Luego se soltó y de pie ante él contempló la luna con los ojos muy abiertos. Un rápido escalofrío la sobrecogió poniendo un ligero temblor en sus delicados miembros.

—Tengo frío —murmuró, levantando alternativamente los pies—. Mis zapatos de encaje están llenos de esta nieve insoportable.

Y e descalzó para sacudirla.

—Ponte mis zapatos —exclamó él— que son más grandes y más abrigados.

Y rápidamente se los quitó, haciéndole calzárselos.

—¿No es mejor así?

—Sí —rio ella—. Y te daré un beso a cambio, Rosalinde.

Y le besó de nuevo y volvió a morderle mientras la luna iluminaba las rojas manchas sobre el suelo blanco.

—¿Me amas, Wolf Gontram? —preguntó ella.

Y él dijo:

—No pienso en otra cosa sino en ti.

Ella vaciló un momento y preguntó:

—Si yo quisiera ¿saltarías del balcón a la calle?

—Sí.

—¿Y desde el tejado?

Él asintió.

—¿Y desde la torre de la catedral?

Y el volvió a asentir.

—¿Harías todo por mí?

Y él:

—Sí, Alraune, si me quieres.

Ella hizo un mohín con los labios y meció ligeramente las caderas.

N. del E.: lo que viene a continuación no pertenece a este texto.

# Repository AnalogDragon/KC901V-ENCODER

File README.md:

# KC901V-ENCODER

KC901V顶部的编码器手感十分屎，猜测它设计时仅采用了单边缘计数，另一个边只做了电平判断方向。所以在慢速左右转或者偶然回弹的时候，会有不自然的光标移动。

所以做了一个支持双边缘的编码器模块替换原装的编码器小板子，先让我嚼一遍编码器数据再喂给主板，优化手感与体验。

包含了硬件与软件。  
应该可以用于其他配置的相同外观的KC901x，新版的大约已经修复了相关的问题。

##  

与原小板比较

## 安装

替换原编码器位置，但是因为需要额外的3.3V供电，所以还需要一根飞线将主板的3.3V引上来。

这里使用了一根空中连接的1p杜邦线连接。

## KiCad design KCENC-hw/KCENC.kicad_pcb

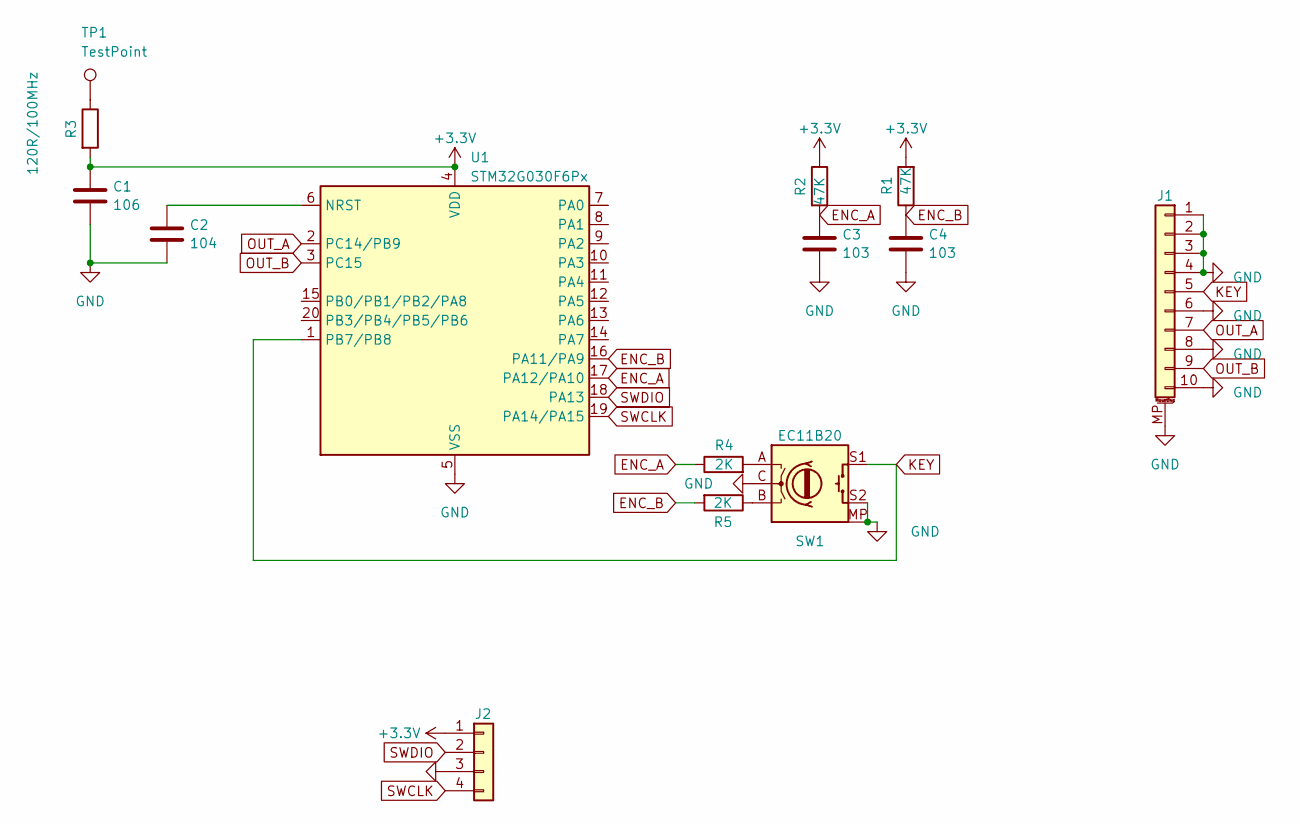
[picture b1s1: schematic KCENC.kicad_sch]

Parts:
C1: 106; C_0603_1608Metric
C2: 104; C_0402_1005Metric
C3, C4: 103; C_0402_1005Metric
J1: Conn_01x10_MountingPin; Molex_200528-0100_1x10-1MP_P1.00mm_Horizontal
J2: Conn_01x04; PinSocket_1x04_P2.00mm_Vertical
R1, R2: 47K; R_0402_1005Metric
R3: 120R/100MHz; C_0402_1005Metric
R4, R5: 2K; R_0402_1005Metric
SW1: EC11B20; RotaryEncoder_Alps_EC11E-Switch_Vertical_H20mm
TP1: TestPoint; TestPoint_Pad_D2.0mm
U1: STM32G030F6Px; TSSOP-20_4.4x6.5mm_P0.65mm

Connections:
+3.3V: C1.1, J2.1, R1.2, R2.1, R3.2, U1.4 (VDD)
ENC_A: C3.1, R2.2, R4.1, U1.17 (PA12/PA10)
ENC_B: C4.1, R1.1, R5.2, U1.16 (PA11/PA9)
GND: C1.2, C2.2, C3.2, C4.2, J1.1, J1.2, J1.3, J1.4, J1.6, J1.8, J1.10, J1.MP (MountPin), J2.3, SW1.C, SW1.MP, SW1.S2, U1.5 (VSS)
KEY: J1.5, SW1.S1, U1.1 (PB7/PB8)
unnamed: R3.1, TP1.1
unnamed: R4.2, SW1.A
unnamed: R5.1, SW1.B
unnamed: C2.1, U1.6 (NRST)
OUT_A: J1.7, U1.2 (PC14/PB9)
OUT_B: J1.9, U1.3 (PC15)
SWCLK: J2.4, U1.19 (PA14/PA15)
SWDIO: J2.2, U1.18 (PA13)

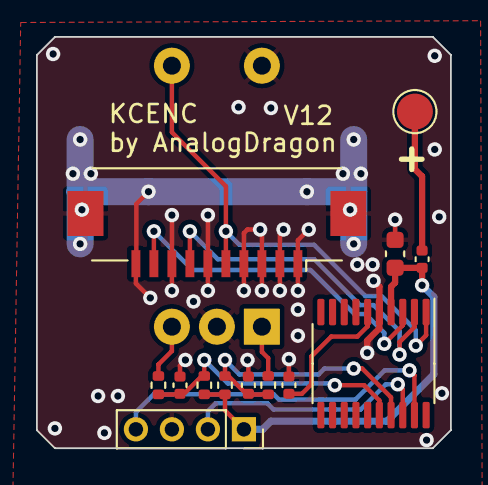
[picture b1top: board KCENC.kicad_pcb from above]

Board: 2 copper layers, 23.0 x 22.9 mm, 14 parts (1 on the bottom side), 13 nets.

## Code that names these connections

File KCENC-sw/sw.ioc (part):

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Mcu.Name=STM32G030F6Px
Mcu.Package=TSSOP20
Mcu.UserName=STM32G030F6Px
PA11\ [PA9].GPIOParameters=GPIO_PuPd,GPIO_Label,GPIO_ModeDefaultEXTI
PA11\ [PA9].GPIO_Label=ENC_B
PA11\ [PA9].GPIO_ModeDefaultEXTI=GPIO_MODE_IT_RISING_FALLING
PA11\ [PA9].GPIO_PuPd=GPIO_PULLUP
PA11\ [PA9].Signal=GPXTI11
PA12\ [PA10].GPIOParameters=GPIO_PuPd,GPIO_Label,GPIO_ModeDefaultEXTI
PA12\ [PA10].GPIO_Label=ENC_A
PA12\ [PA10].GPIO_ModeDefaultEXTI=GPIO_MODE_IT_RISING_FALLING
PA12\ [PA10].GPIO_PuPd=GPIO_PULLUP
PA12\ [PA10].Signal=GPXTI12
PA13.Mode=Serial_Wire
PA13.Signal=SYS_SWDIO
PA14-BOOT0.Mode=Serial_Wire
PA14-BOOT0.Signal=SYS_SWCLK
PA14-BOOT0__PA15.StandardMode=true
PB0__PB1__PB2__PA8.StandardMode=true
PB3__PB4__PB5__PB6.StandardMode=true
PB7.GPIOParameters=GPIO_PuPd,GPIO_Label
PB7.GPIO_Label=KEY
PB7.GPIO_PuPd=GPIO_PULLUP
PB7.Signal=GPIO_Input
PB7__PB8.StandardMode=true
PC14-OSC32_IN\ (PC14).GPIOParameters=PinState,GPIO_PuPd,GPIO_Label,GPIO_ModeDefaultOutputPP
PC14-OSC32_IN\ (PC14).GPIO_Label=OUT_A
PC14-OSC32_IN\ (PC14).GPIO_ModeDefaultOutputPP=GPIO_MODE_OUTPUT_PP
PC14-OSC32_IN\ (PC14).GPIO_PuPd=GPIO_NOPULL
PC14-OSC32_IN\ (PC14).PinState=GPIO_PIN_RESET
PC14-OSC32_IN\ (PC14).Signal=GPIO_Output
PC14-OSC32_IN\ (PC14)__PB9.StandardMode=true
PC15-OSC32_OUT\ (PC15).GPIOParameters=PinState,GPIO_Label
PC15-OSC32_OUT\ (PC15).GPIO_Label=OUT_B
PC15-OSC32_OUT\ (PC15).PinState=GPIO_PIN_RESET
PC15-OSC32_OUT\ (PC15).Signal=GPIO_Output
RCC.HSE_VALUE=8000000
RCC.SYSCLKFreq_VALUE=64000000
RCC.SYSCLKSource=RCC_SYSCLKSOURCE_PLLCLK
board=custom

—No sé si te quiero —dijo ligeramente—. ¿Lo harías aunque yo no te quisiera?

Los espléndidos ojos de él, aquellos ojos que había heredado de su madre, lucieron con más brillo y más profundidad que nunca. Y allá arriba, la luna sintió envidia de aquellos ojos humanos y se escabulló escondiéndose detrás de la torre de la catedral.

—Sí —contestó él—. También lo haría.

Ella se sentó en sus rodillas y le echó los brazos al cuello.

—Por eso, Rosalinde, por eso quiero besarte por tercera vez.

Y le dio un beso más largo y más ardiente aún.

Y le mordió profunda, locamente. Pero ya no pudieron ver las pesadas gotas sobre la nieve, pues la luna descontenta había escondido su antorcha de plata.

—Ven —murmuró ella—, ven. Tenemos que irnos. Y cambiaron su calzado y sacudieron la nieve de sus vestidos. Y abriendo la puerta, se deslizaron por entre los cortinajes hacia la sala. Los arcos voltaicos los rodearon con su luz chillona y una atmósfera cálida y cargada los envolvió.

Wolf Gontram se tambaleó al dejar caer la cortina y se llevó las manos al pecho. Ella lo notó.

—¡Wölfchen! —gritó.

Él dijo:

—No es nada, una punzadita. Ya ha pasado.

Y cogidos de la mano entraron en el salón.